“The FTSE 100 was on course to extend its winning streak after signs of a potential de-escalation of the tariff stand-off between US and China gave investors real heart,” says AJ Bell Investment Director Russ Mould.
“There were strong gains in Asia and on Wall Street overnight. The latter helped by strong after-hours results from Microsoft and Meta Platforms on Wednesday. Although subsequent more mixed earnings from Apple and Amazon may have soured sentiment a touch.
“In London, resources names were in demand, with iron ore miner Ferrexpo among them as Washington and Kyiv secured a minerals deal.”
Apple
“Apple claimed the sort of earnings beat that was never likely to win much favour from the market. The first three months of the year were slightly stronger than expected but this may well have resulted from people pulling forward purchases of iPhones in anticipation of a tariff impact – even if management have downplayed this as a factor.
“The company has flagged a meaningful cost impact in the current quarter resulting from US trade policy and while it’s fortress-like balance sheet means it can absorb these extra costs with relative ease there remains considerable unpredictability about the impact on Apple’s supply chain.
“The company received a stay from the Trump administration thanks to an apparent tariff exemption for consumer electronics but how long this lasts remains to be seen and the company is still planning to shift manufacturing out of China and into countries like India which face less heavy import levies.

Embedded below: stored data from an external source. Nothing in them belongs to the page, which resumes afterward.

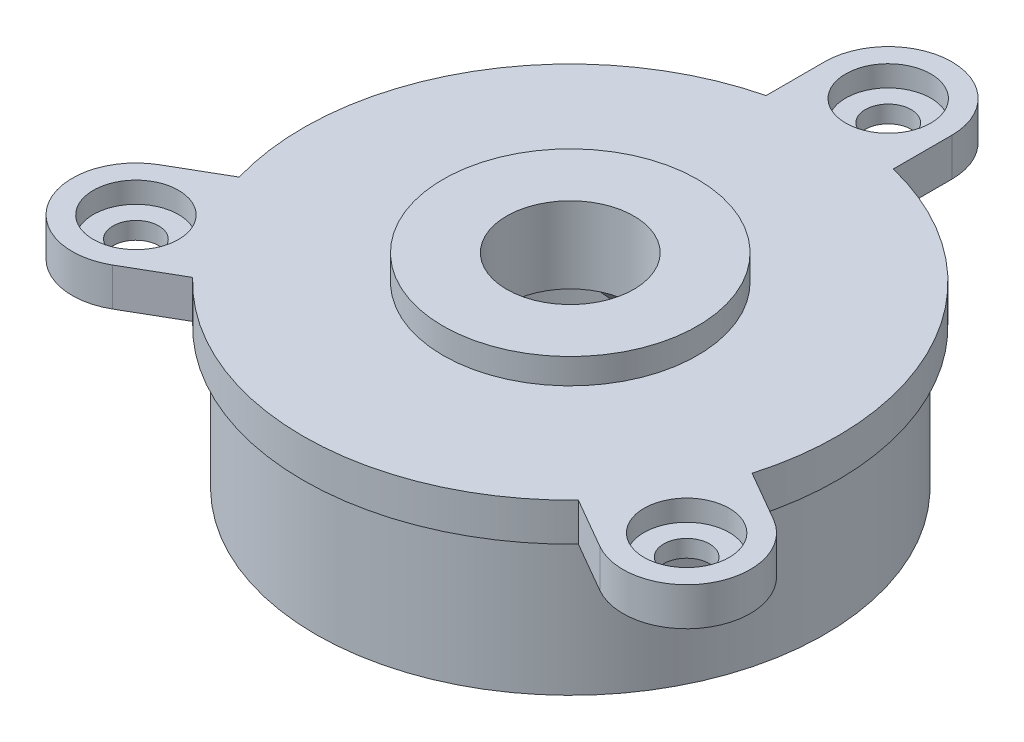
SolidWorks part; units mm, degrees
ref_plane "Front Plane" through (0, 0, 0) normal (0, 0, 1) x (1, 0, 0)
ref_plane "Top Plane" through (0, 0, 0) normal (0, 1, 0) x (1, 0, 0)
ref_plane "Right Plane" through (0, 0, 0) normal (1, 0, 0) x (0, 0, -1)
sketch "Sketch2" plane through (0, 0, 0) normal (0, 1, 0) x (1, 0, 0)
  line L0 (0, 0) -> (0, -50000) construction
  line L1 (5, 25) -> (5, 20.3961)
  line L2 (-5, 25) -> (-5, 20.3961)
  line L3 (24.1506, -8.1699) -> (20.1635, -5.8679)
  line L4 (19.1506, -16.8301) -> (15.1635, -14.5282)
  line L5 (-19.1506, -16.8301) -> (-15.1635, -14.5282)
  line L6 (-24.1506, -8.1699) -> (-20.1635, -5.8679)
  circle A0 centre (0, 0) radius 5
  circle A1 centre (0, 0) radius 10
  circle A2 centre (0, 0) radius 6
  circle A3 centre (0, 0) radius 17
  circle A4 centre (0, 0) radius 20
  circle A5 centre (0, 0) radius 21
  circle A6 centre (0, 0) radius 25 construction
  arc A8 (5, 25) -> (-5, 25) centre (0, 25) ccw
  arc A9 (19.1506, -16.8301) -> (24.1506, -8.1699) centre (21.6506, -12.5) ccw
  arc A10 (-24.1506, -8.1699) -> (-19.1506, -16.8301) centre (-21.6506, -12.5) ccw
  point P14 (-23.7594, -15.9691)
  point P17 (0, 0)
  point P29 (0, 0)
  dimension "D1" = 10
  dimension "D2" = 12
  dimension "D3" = 20
  dimension "D4" = 34
  dimension "D5" = 40
  dimension "D6" = 42
  dimension "D7" = 50
  dimension "D8" = 5
  dimension "D9" = 3
extrude "Boss-Extrude1" add sketch "Sketch2" along normal blind 2 contours A1 A2 | A2 A0 region at (-9.7172, 0, 0) region at (-5.8303, 0, 0)
extrude "Boss-Extrude2" add sketch "Sketch2<3>" against normal blind 3 contours A3 A1 | A4 A3 | A1 A2 | A2 A0 | L6 A10 L5 A5 | L4 A9 L3 A5 | L1 A8 L2 A5 | A5 A4 region at (0, 0, -24.9381) region at (16.0554, 0, -12.5949) region at (21.597, 0, 12.469) region at (-21.597, 0, 12.469) region at (-9.7172, 0, 0) region at (-5.8303, 0, 0) region at (-16.5192, 0, 0) region at (-19.4343, 0, 0)
sketch "Sketch2<3>" plane through (0, 0, 0) normal (0, 1, 0) x (1, 0, 0) same geometry as "Sketch2"
extrude "Boss-Extrude3" add sketch "Sketch2<4>" against normal blind 4 contours A2 A0 region at (-5.8303, 0, 0)
sketch "Sketch2<4>" plane through (0, 0, 0) normal (0, 1, 0) x (1, 0, 0) same geometry as "Sketch2"
extrude "Boss-Extrude4" add sketch "Sketch2<6>" against normal blind 14 contours A4 A3 region at (-19.4343, 0, 0)
sketch "Sketch2<6>" plane through (0, 0, 0) normal (0, 1, 0) x (1, 0, 0) same geometry as "Sketch2"
hole_wizard "CBORE for M12 Hex Head Bolt1" positions "3DSketch1" profile "Sketch3" counterbore size "M12" standard "ANSI Metric" end condition through all
sketch3d "3DSketch1"
  line L0 (0, -3, -25) -> (0, 0, -25) construction
  point P0 (0, 0, -25)
sketch "Sketch3" plane through (0, 0, -25) normal (1, 0, 0) x (0, 0, 1)
  line L0 (0, 0) -> (0, 14)
  line L1 (0, 14) -> (1.8, 14)
  line L3 (1.8, 14) -> (1.8, 1.65)
  line L4 (1.8, 1.65) -> (3.35, 1.65)
  line L5 (3.35, 1.65) -> (3.35, 0)
  line L7 (3.35, 0) -> (0, 0)
  line L11 (0, -6.35) -> (0, 107.95) construction
  dimension "Thru Hole Dia." = 3.6
  dimension "Thru Hole Depth" = 14
  dimension "C'Bore Dia." = 6.7
  dimension "C'Bore Depth" = 1.65
pattern_circular "CirPattern1" count 3 over 360 about axis through (0, 0, 0) along (0, 1, 0) of "CBORE for M12 Hex Head Bolt1"
sketch "Sketch4" plane through (0, 0, 0) normal (0, 0, 1) x (1, 0, 0)
  line L0 (-17, -14) -> (-6, -4)
rib "Rib1" sketch "Sketch4" sketch "Sketch4" thickness 2 extrusion direction parallel to sketch draft on no parameters "D1"=2
pattern_circular "CirPattern2" count 6 over 360 about axis through (0, -14, 0) along (0, 1, 0) of "Rib1"
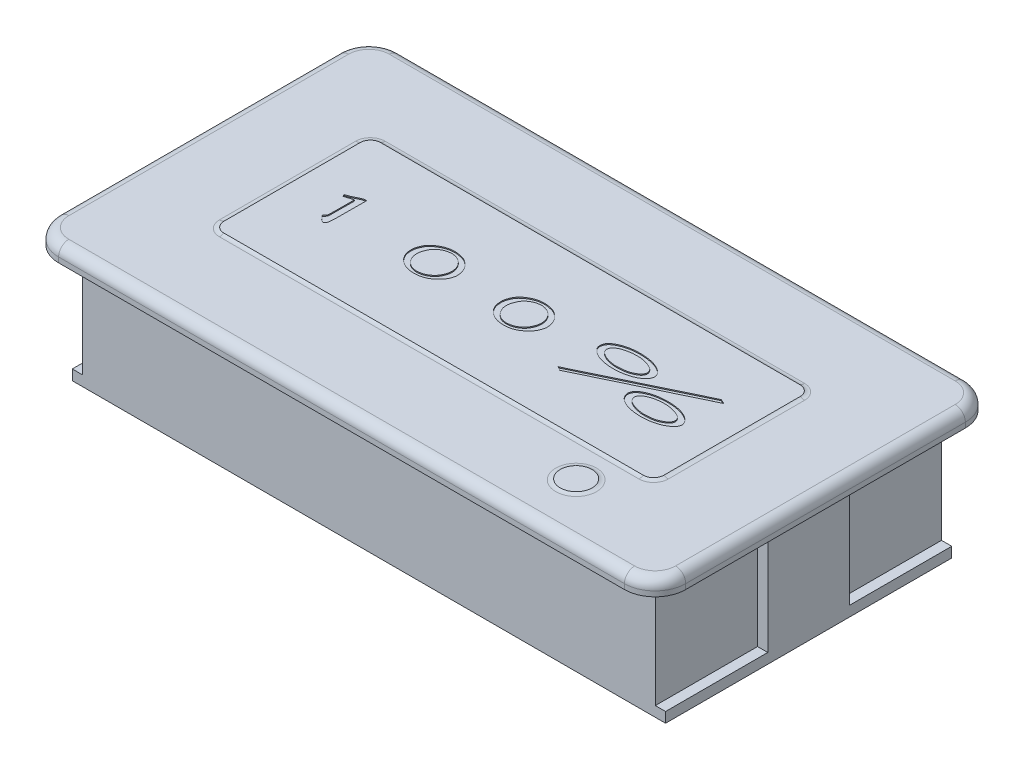
SolidWorks part; units mm, degrees
ref_plane "前视基准面" through (0, 0, 0) normal (0, 0, 1) x (1, 0, 0)
ref_plane "上视基准面" through (0, 0, 0) normal (0, 1, 0) x (1, 0, 0)
ref_plane "右视基准面" through (0, 0, 0) normal (1, 0, 0) x (0, 0, -1)
sketch "草图1" plane through (0, 0, 0) normal (0, 1, 0) x (1, 0, 0)
  line L1 (30.68, -16.68) -> (-30.68, -16.68)
  line L2 (30.68, -16.68) -> (30.68, 16.68)
  line L3 (30.68, 16.68) -> (-30.68, 16.68)
  line L4 (-30.68, -16.68) -> (-30.68, 16.68)
  line L5 (30.68, -16.68) -> (-30.68, 16.68) construction
  line L6 (30.68, 16.68) -> (-30.68, -16.68) construction
  point P0 (0, 0)
  dimension "D1" = 61.36
  dimension "D2" = 33.36
extrude "凸台-拉伸1" add sketch "草图1" along normal blind 1.5
sketch "草图2" plane through (0, 0, 0) normal (0, -1, 0) x (1, 0, 0)
  line L1 (29.025, -14) -> (-29.025, -14)
  line L2 (29.025, -14) -> (29.025, 14)
  line L3 (29.025, 14) -> (-29.025, 14)
  line L4 (-29.025, -14) -> (-29.025, 14)
  line L5 (29.025, -14) -> (-29.025, 14) construction
  line L6 (29.025, 14) -> (-29.025, -14) construction
  point P0 (0, 0)
  dimension "D1" = 28
  dimension "D2" = 58.05
extrude "凸台-拉伸2" add sketch "草图2" along normal blind 12
sketch "草图3" plane through (0, 0, 14) normal (0, 0, 1) x (1, 0, 0)
  line L0 (0, 0) -> (0, -12) construction
  line L1 (-29.025, 0) -> (-28.025, 0)
  line L2 (-29.025, 0) -> (-29.025, -11)
  line L3 (-29.025, -11) -> (-28.025, -11)
  line L4 (-28.025, 0) -> (-28.025, -11)
  line L5 (29.025, -12) -> (-29.025, -12) construction
  line L6 (28.025, 0) -> (28.025, -11)
  line L7 (29.025, -11) -> (28.025, -11)
  line L8 (29.025, 0) -> (29.025, -11)
  line L9 (29.025, 0) -> (28.025, 0)
  dimension "D1" = 1
  dimension "D2" = 1
extrude "切除-拉伸1" cut sketch "草图3" against normal up to next
sketch "草图6" plane through (0, -12, 0) normal (0, -1, 0) x (1, 0, 0)
  line L0 (-29.025, 14) -> (-29.025, -14) construction
  line L1 (-24.025, 12) -> (-16.025, 12)
  line L2 (-24.025, 12) -> (-24.025, 9)
  line L3 (-24.025, 9) -> (-16.025, 9)
  line L4 (-16.025, 12) -> (-16.025, 9)
  line L5 (-24.025, 12) -> (-16.025, 9) construction
  line L6 (-24.025, 9) -> (-16.025, 12) construction
  line L7 (28.025, 14) -> (-28.025, 14) construction
  point P0 (-20.025, 10.5)
  dimension "D1" = 8
  dimension "D2" = 3
  dimension "D3" = 5
  dimension "D4" = 2
extrude "切除-拉伸2" cut sketch "草图6" against normal blind 0.1
sketch "草图8" plane through (0, 1.5, 0) normal (0, 1, 0) x (1, 0, 0)
  line L1 (21.5225, -7.6677) -> (-21.5225, -7.6677)
  line L2 (21.5225, -7.6677) -> (21.5225, 7.6677)
  line L3 (21.5225, 7.6677) -> (-21.5225, 7.6677)
  line L4 (-21.5225, -7.6677) -> (-21.5225, 7.6677)
  line L5 (21.5225, -7.6677) -> (-21.5225, 7.6677) construction
  line L6 (21.5225, 7.6677) -> (-21.5225, -7.6677) construction
  circle A0 centre (17.5253, -11.2482) radius 1.5617
  point P0 (0, 0)
extrude "凸台-拉伸5" add sketch "草图8" along normal blind 0.1
fillet "圆角1" radius 3 4 edges at (-30.68, 0.75, 16.68) (30.68, 0.75, 16.68) (30.68, 0.75, -16.68) (-30.68, 0.75, -16.68)
fillet "圆角2" radius 1 4 edges at (21.5225, 1.55, 7.6677) (-21.5225, 1.55, 7.6677) (21.5225, 1.55, -7.6677) (-21.5225, 1.55, -7.6677)
fillet "圆角3" radius 1 17 edges at (21.2296, 1.5, 7.3748) (21.5225, 1.5, 0) (21.2296, 1.5, -7.3748) (0, 1.5, -7.6677) (-21.2296, 1.5, -7.3748) (-21.5225, 1.5, 0) (-21.2296, 1.5, 7.3748) (0, 1.5, 7.6677) (-29.8013, 1.5, -15.8013) (0, 1.5, -16.68) (29.8013, 1.5, -15.8013) (30.68, 1.5, 0) (29.8013, 1.5, 15.8013) (0, 1.5, 16.68) (-29.8013, 1.5, 15.8013) (-30.68, 1.5, 0) (17.5253, 1.5, 12.8099)
sketch "草图9" plane through (0, 1.6, 0) normal (0, 1, 0) x (1, 0, 0)
  text T0 "<b>100%</b>" font "汉仪长仿宋体" height in points 16
extrude "切除-拉伸3" cut sketch "草图9" against normal blind 0.1
sketch "草图10" plane through (0, -11.9, 0) normal (0, -1, 0) x (1, 0, 0)
  line L0 (-20.025, 12) -> (-20.025, 9) construction
  line L1 (-16.025, 12) -> (-24.025, 12) construction
  line L2 (-24.025, 9) -> (-16.025, 9) construction
  line L3 (-24.025, 12) -> (-24.025, 9) construction
  circle A0 centre (-21.525, 10.5) radius 0.5
  circle A1 centre (-18.525, 10.5) radius 0.5
  point P13 (-24.025, 10.5)
  dimension "D1" = 3
  dimension "D2" = 1
extrude "凸台-拉伸6" add sketch "草图10" along normal blind 0.1
sketch "草图4" plane through (0, 0, 0) normal (0, 0, 1) x (1, 0, 0)
  line L0 (28.025, 0) -> (30, -5.5)
  line L1 (30, -5.5) -> (29.025, -11)
  line L2 (-30.68, 1.5) -> (30.68, 1.5) construction
  line L3 (27.0838, -0.338) -> (28.9689, -5.5875)
  line L4 (28.9689, -5.5875) -> (28.0404, -10.8254)
  arc A0 (28.025, 0) -> (27.0838, -0.338) centre (27.5544, -0.169) ccw
  arc A1 (29.025, -11) -> (28.0404, -10.8254) centre (28.5327, -10.9127) cw
  dimension "D1" = 30
  dimension "D2" = 7
  dimension "D3" = 1
extrude "凸台-拉伸3" [suppressed] add sketch "草图4" along normal mid plane 8
mirror "镜向1" [suppressed] about plane through (0, 0, 0) normal (1, 0, 0)
sketch "草图5" plane through (0, 0, 0) normal (0, 0, 1) x (1, 0, 0)
  line L0 (-27.68, 0) -> (27.68, 0) construction
  line L1 (-29.025, -11) -> (-28.025, -11)
  line L2 (-29.025, -11) -> (-29.025, 0)
  line L3 (-29.025, 0) -> (-28.025, 0)
  line L4 (-28.025, -11) -> (-28.025, 0)
  line L5 (-28.025, -11) -> (-28.025, 0) construction
  line L6 (0, 0) -> (0, -12) construction
  line L7 (29.025, -12) -> (-29.025, -12) construction
  line L8 (28.025, -11) -> (28.025, 0)
  line L9 (29.025, 0) -> (28.025, 0)
  line L10 (29.025, -11) -> (29.025, 0)
  line L11 (29.025, -11) -> (28.025, -11)
extrude "凸台-拉伸4" add sketch "草图5" along normal mid plane 8

“At a time when its products business is fraught with such uncertainty it’s not great that growth on the services side has disappointed. While only a smidge below forecasts, it will help build on the narrative that Apple has failed to fully take advantage of the opportunities provided by AI.”
Amazon
“While its e-commerce arm is much more high profile, the real engine of growth at Amazon is its AWS cloud computing arm. The fact this didn’t manage the recently reported better-than-expected performance seen at the cloud operations of rival outfits Microsoft and Alphabet is a cause for some disappointment.
“A weak outlook as the company grapples with the steep tariffs imposed by the Trump administration – from which it recently drew ire for an apparent plan to separately list tariff costs on its ultra-low-cost Haul platform – is probably to be expected given around a quarter of the items it sells come from China.
“These quarterly numbers from Amazon were far from a disaster and the contribution from the fast-growing advertising division was a definite plus point, but nor did they do enough to fully reassure investors on the company’s ability to steer a course through the current uncertainty.”
Shell
“Shell has the advantage at the moment that, for any of the difficulties it faces it can just point its finger down the road at BP and say, ‘at least we’re not as bad as that’.
“This trend of being flattered by comparison with its London-listed counterpart continued with first quarter results. Yes profit was lower thanks to easing commodity prices but it announced a 14th consecutive quarter of at least $3 billion in share buybacks.
“Shell which pivoted towards natural gas more than a decade ago continues to see benefits from this strategy with its integrated gas division delivering a robust showing. Gas could have a significant role to play as the world looks to wean itself off more polluting fuels like coal and oil.
“The loss chalked up by the renewables and energy solutions arm shows why Wael Sawan is keen to prioritise other areas of the business where it can.
“Where investors may feel some concern is over lower levels of cash flow and an uptick in net debt – particularly given this quarter does not reflect the more pronounced slump in oil prices seen since Liberation Day.”
NatWest
“There were enough positives in today’s update from NatWest to suggest it could provide a platform for the final push to full privatisation. The government stake may now be very modest but eradicating it entirely would still represent a significant milestone and would close the chapter on the company’s long, slow recovery from the 2007/8 financial crisis.
“It would likely give management more freedom of manoeuvre and CEO Paul Thwaite has said he is minded to look at acquisitions – although presumably not on the scale or with the level of hubris which contributed to the bank’s downfall under Fred Goodwin.
“The company has enjoyed a really strong start to the year with returns lifted by a higher net interest margin – although full-year guidance has been left unchanged for now, reflecting lingering uncertainty.
“Like several of its peers, NatWest has felt it prudent to increase provisions for bad debt – based not on what it is necessarily seeing in its loan book but due to the uncertainty created by US tariffs.”
These articles are for information purposes only and are not a personal recommendation or advice.